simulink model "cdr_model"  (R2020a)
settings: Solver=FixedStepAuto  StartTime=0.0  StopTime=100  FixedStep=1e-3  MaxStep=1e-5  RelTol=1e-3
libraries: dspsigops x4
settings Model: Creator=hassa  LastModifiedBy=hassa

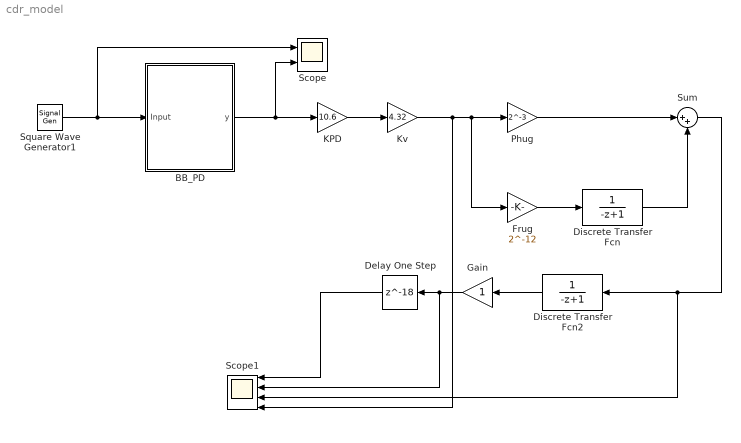
== system cdr_model ==
  BB_PD : Subsystem
  Delay One Step : Delay  DelayLength=18
  Discrete Transfer Fcn : DiscreteTransferFcn  Denominator=[-1 1]
  Discrete Transfer Fcn2 : DiscreteTransferFcn  Denominator=[-1 1]
  Frug : Gain  Gain=2^-12
  Gain : Gain
  KPD : Gain  Gain=10.6
  Kv : Gain  Gain=4.32
  Phug : Gain  Gain=2^-3
  Scope : Scope  NumInputPorts=2
  Scope1 : Scope  NumInputPorts=4
  Square Wave Generator1 : SignalGenerator  WaveForm=square  Frequency=2*pi*50  Units=rad/sec
  Sum : Sum  Inputs=|++
  wires:
  Square Wave Generator1/1 -> Scope/1, BB_PD/1(Input)
  BB_PD/1(y) -> KPD/1, Scope/2
  KPD/1 -> Kv/1
  Kv/1 -> Scope1/4, Frug/1, Phug/1
  Frug/1 -> Discrete Transfer Fcn/1
  Phug/1 -> Sum/1
  Discrete Transfer Fcn/1 -> Sum/2
  Sum/1 -> Scope1/3, Discrete Transfer Fcn2/1
  Discrete Transfer Fcn2/1 -> Gain/1
  Gain/1 -> Scope1/2, Delay One Step/1
  Delay One Step/1 -> Scope1/1

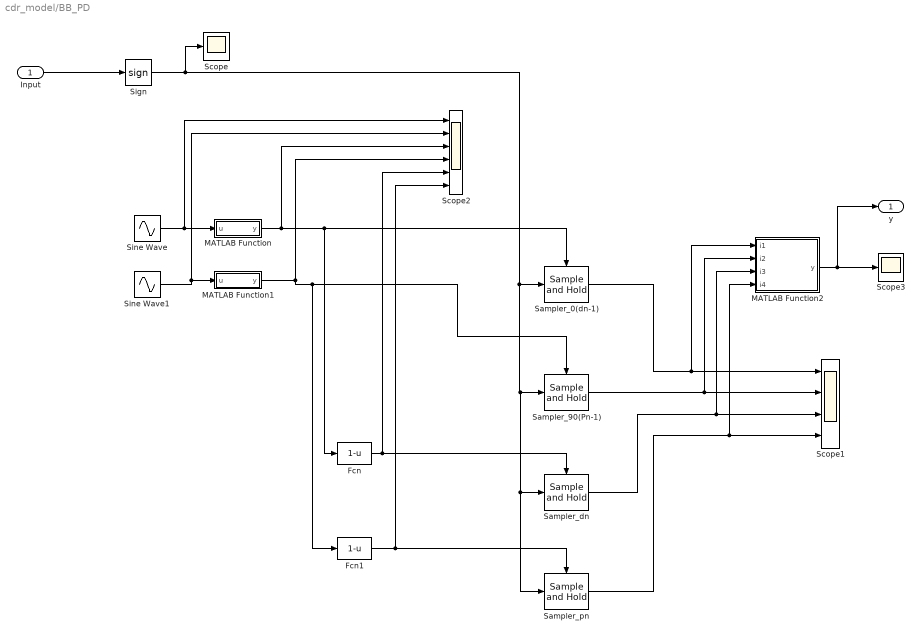
== system cdr_model/BB_PD ==
  Input : Inport
  Fcn : Fcn  Expr=1-u
  Fcn1 : Fcn  Expr=1-u
  MATLAB Function : MATLAB Function  TreatAsAtomicUnit=on
  MATLAB Function1 : MATLAB Function  TreatAsAtomicUnit=on
  MATLAB Function2 : MATLAB Function  TreatAsAtomicUnit=on
  Sampler_0(dn-1) : dspsigops/Sample and Hold  trig=Rising edge  initCond=0  latchinput=off
  Sampler_90(Pn-1) : dspsigops/Sample and Hold  trig=Rising edge  initCond=0  latchinput=off
  Sampler_dn : dspsigops/Sample and Hold  trig=Rising edge  initCond=0  latchinput=off
  Sampler_pn : dspsigops/Sample and Hold  trig=Rising edge  initCond=0  latchinput=off
  Scope : Scope
  Scope1 : Scope  NumInputPorts=4
  Scope2 : Scope  NumInputPorts=6
  Scope3 : Scope
  Sign : Signum
  Sine Wave : Sin  Frequency=2*pi*50  SampleTime=0
  Sine Wave1 : Sin  Frequency=2*pi*50  Phase=-pi/2  SampleTime=0
  y : Outport
  wires:
  MATLAB Function1/1(y) -> Fcn1/1, Sampler_90(Pn-1)/Trigger, Scope2/4
  Sine Wave/1 -> Scope2/1, MATLAB Function/1(u)
  Sampler_pn/1 -> MATLAB Function2/4(i4), Scope1/4
  MATLAB Function/1(y) -> Scope2/3, Sampler_0(dn-1)/Trigger, Fcn/1
  Sign/1 -> Sampler_pn/1, Sampler_dn/1, Sampler_90(Pn-1)/1, Sampler_0(dn-1)/1, Scope/1
  Sampler_0(dn-1)/1 -> MATLAB Function2/1(i1), Scope1/1
  Sine Wave1/1 -> MATLAB Function1/1(u), Scope2/2
  Sampler_90(Pn-1)/1 -> MATLAB Function2/2(i2), Scope1/2
  Sampler_dn/1 -> MATLAB Function2/3(i3), Scope1/3
  Fcn1/1 -> Sampler_pn/Trigger, Scope2/6
  Fcn/1 -> Sampler_dn/Trigger, Scope2/5
  Input/1 -> Sign/1
  MATLAB Function2/1(y) -> y/1, Scope3/1

== matlab function cdr_model/BB_PD/MATLAB Function1 ==
  data: u input; y output
function y = fcn(u)
threshold = 0;

if u > threshold
y = 1;
else 
y = 0

end

== matlab function cdr_model/BB_PD/MATLAB Function ==
  data: u input; y output
function y = fcn(u)
threshold = 0;

if u > threshold
y = 1;
else 
y = 0

end

== matlab function cdr_model/BB_PD/MATLAB Function2 ==
  data: i1 input; i2 input; i3 input; i4 input; y output
function y = fcn(i1, i2, i3, i4)

u1 = (i1==i2);
u2 = (i3==i4);

if u1 && u2
    y = 0;   %No Transition
elseif u1
    y = 1;   %early
elseif u2
    y = 2;   %late
else
    y = 0;   %No Transition
end    

disp(y)
end

++++

#### WHAT THE TASK REQUIRES:
Apart from the pictures, every line above must be repeated exactly.

#### RESPONSE TO THIS TASK:
simulink model "cdr_model"  (R2020a)
settings: Solver=FixedStepAuto  StartTime=0.0  StopTime=100  FixedStep=1e-3  MaxStep=1e-5  RelTol=1e-3
libraries: dspsigops x4
settings Model: Creator=hassa  LastModifiedBy=hassa

== system cdr_model ==
  BB_PD : Subsystem
  Delay One Step : Delay  DelayLength=18
  Discrete Transfer Fcn : DiscreteTransferFcn  Denominator=[-1 1]
  Discrete Transfer Fcn2 : DiscreteTransferFcn  Denominator=[-1 1]
  Frug : Gain  Gain=2^-12
  Gain : Gain
  KPD : Gain  Gain=10.6
  Kv : Gain  Gain=4.32
  Phug : Gain  Gain=2^-3
  Scope : Scope  NumInputPorts=2
  Scope1 : Scope  NumInputPorts=4
  Square Wave Generator1 : SignalGenerator  WaveForm=square  Frequency=2*pi*50  Units=rad/sec
  Sum : Sum  Inputs=|++
  wires:
  Square Wave Generator1/1 -> Scope/1, BB_PD/1(Input)
  BB_PD/1(y) -> KPD/1, Scope/2
  KPD/1 -> Kv/1
  Kv/1 -> Scope1/4, Frug/1, Phug/1
  Frug/1 -> Discrete Transfer Fcn/1
  Phug/1 -> Sum/1
  Discrete Transfer Fcn/1 -> Sum/2
  Sum/1 -> Scope1/3, Discrete Transfer Fcn2/1
  Discrete Transfer Fcn2/1 -> Gain/1
  Gain/1 -> Scope1/2, Delay One Step/1
  Delay One Step/1 -> Scope1/1

== system cdr_model/BB_PD ==
  Input : Inport
  Fcn : Fcn  Expr=1-u
  Fcn1 : Fcn  Expr=1-u
  MATLAB Function : MATLAB Function  TreatAsAtomicUnit=on
  MATLAB Function1 : MATLAB Function  TreatAsAtomicUnit=on
  MATLAB Function2 : MATLAB Function  TreatAsAtomicUnit=on
  Sampler_0(dn-1) : dspsigops/Sample and Hold  trig=Rising edge  initCond=0  latchinput=off
  Sampler_90(Pn-1) : dspsigops/Sample and Hold  trig=Rising edge  initCond=0  latchinput=off
  Sampler_dn : dspsigops/Sample and Hold  trig=Rising edge  initCond=0  latchinput=off
  Sampler_pn : dspsigops/Sample and Hold  trig=Rising edge  initCond=0  latchinput=off
  Scope : Scope
  Scope1 : Scope  NumInputPorts=4
  Scope2 : Scope  NumInputPorts=6
  Scope3 : Scope
  Sign : Signum
  Sine Wave : Sin  Frequency=2*pi*50  SampleTime=0
  Sine Wave1 : Sin  Frequency=2*pi*50  Phase=-pi/2  SampleTime=0
  y : Outport
  wires:
  MATLAB Function1/1(y) -> Fcn1/1, Sampler_90(Pn-1)/Trigger, Scope2/4
  Sine Wave/1 -> Scope2/1, MATLAB Function/1(u)
  Sampler_pn/1 -> MATLAB Function2/4(i4), Scope1/4
  MATLAB Function/1(y) -> Scope2/3, Sampler_0(dn-1)/Trigger, Fcn/1
  Sign/1 -> Sampler_pn/1, Sampler_dn/1, Sampler_90(Pn-1)/1, Sampler_0(dn-1)/1, Scope/1
  Sampler_0(dn-1)/1 -> MATLAB Function2/1(i1), Scope1/1
  Sine Wave1/1 -> MATLAB Function1/1(u), Scope2/2
  Sampler_90(Pn-1)/1 -> MATLAB Function2/2(i2), Scope1/2
  Sampler_dn/1 -> MATLAB Function2/3(i3), Scope1/3
  Fcn1/1 -> Sampler_pn/Trigger, Scope2/6
  Fcn/1 -> Sampler_dn/Trigger, Scope2/5
  Input/1 -> Sign/1
  MATLAB Function2/1(y) -> y/1, Scope3/1

== matlab function cdr_model/BB_PD/MATLAB Function1 ==
  data: u input; y output
function y = fcn(u)
threshold = 0;

if u > threshold
y = 1;
else 
y = 0

end

== matlab function cdr_model/BB_PD/MATLAB Function ==
  data: u input; y output
function y = fcn(u)
threshold = 0;

if u > threshold
y = 1;
else 
y = 0

end

== matlab function cdr_model/BB_PD/MATLAB Function2 ==
  data: i1 input; i2 input; i3 input; i4 input; y output
function y = fcn(i1, i2, i3, i4)

u1 = (i1==i2);
u2 = (i3==i4);

if u1 && u2
    y = 0;   %No Transition
elseif u1
    y = 1;   %early
elseif u2
    y = 2;   %late
else
    y = 0;   %No Transition
end    

disp(y)
end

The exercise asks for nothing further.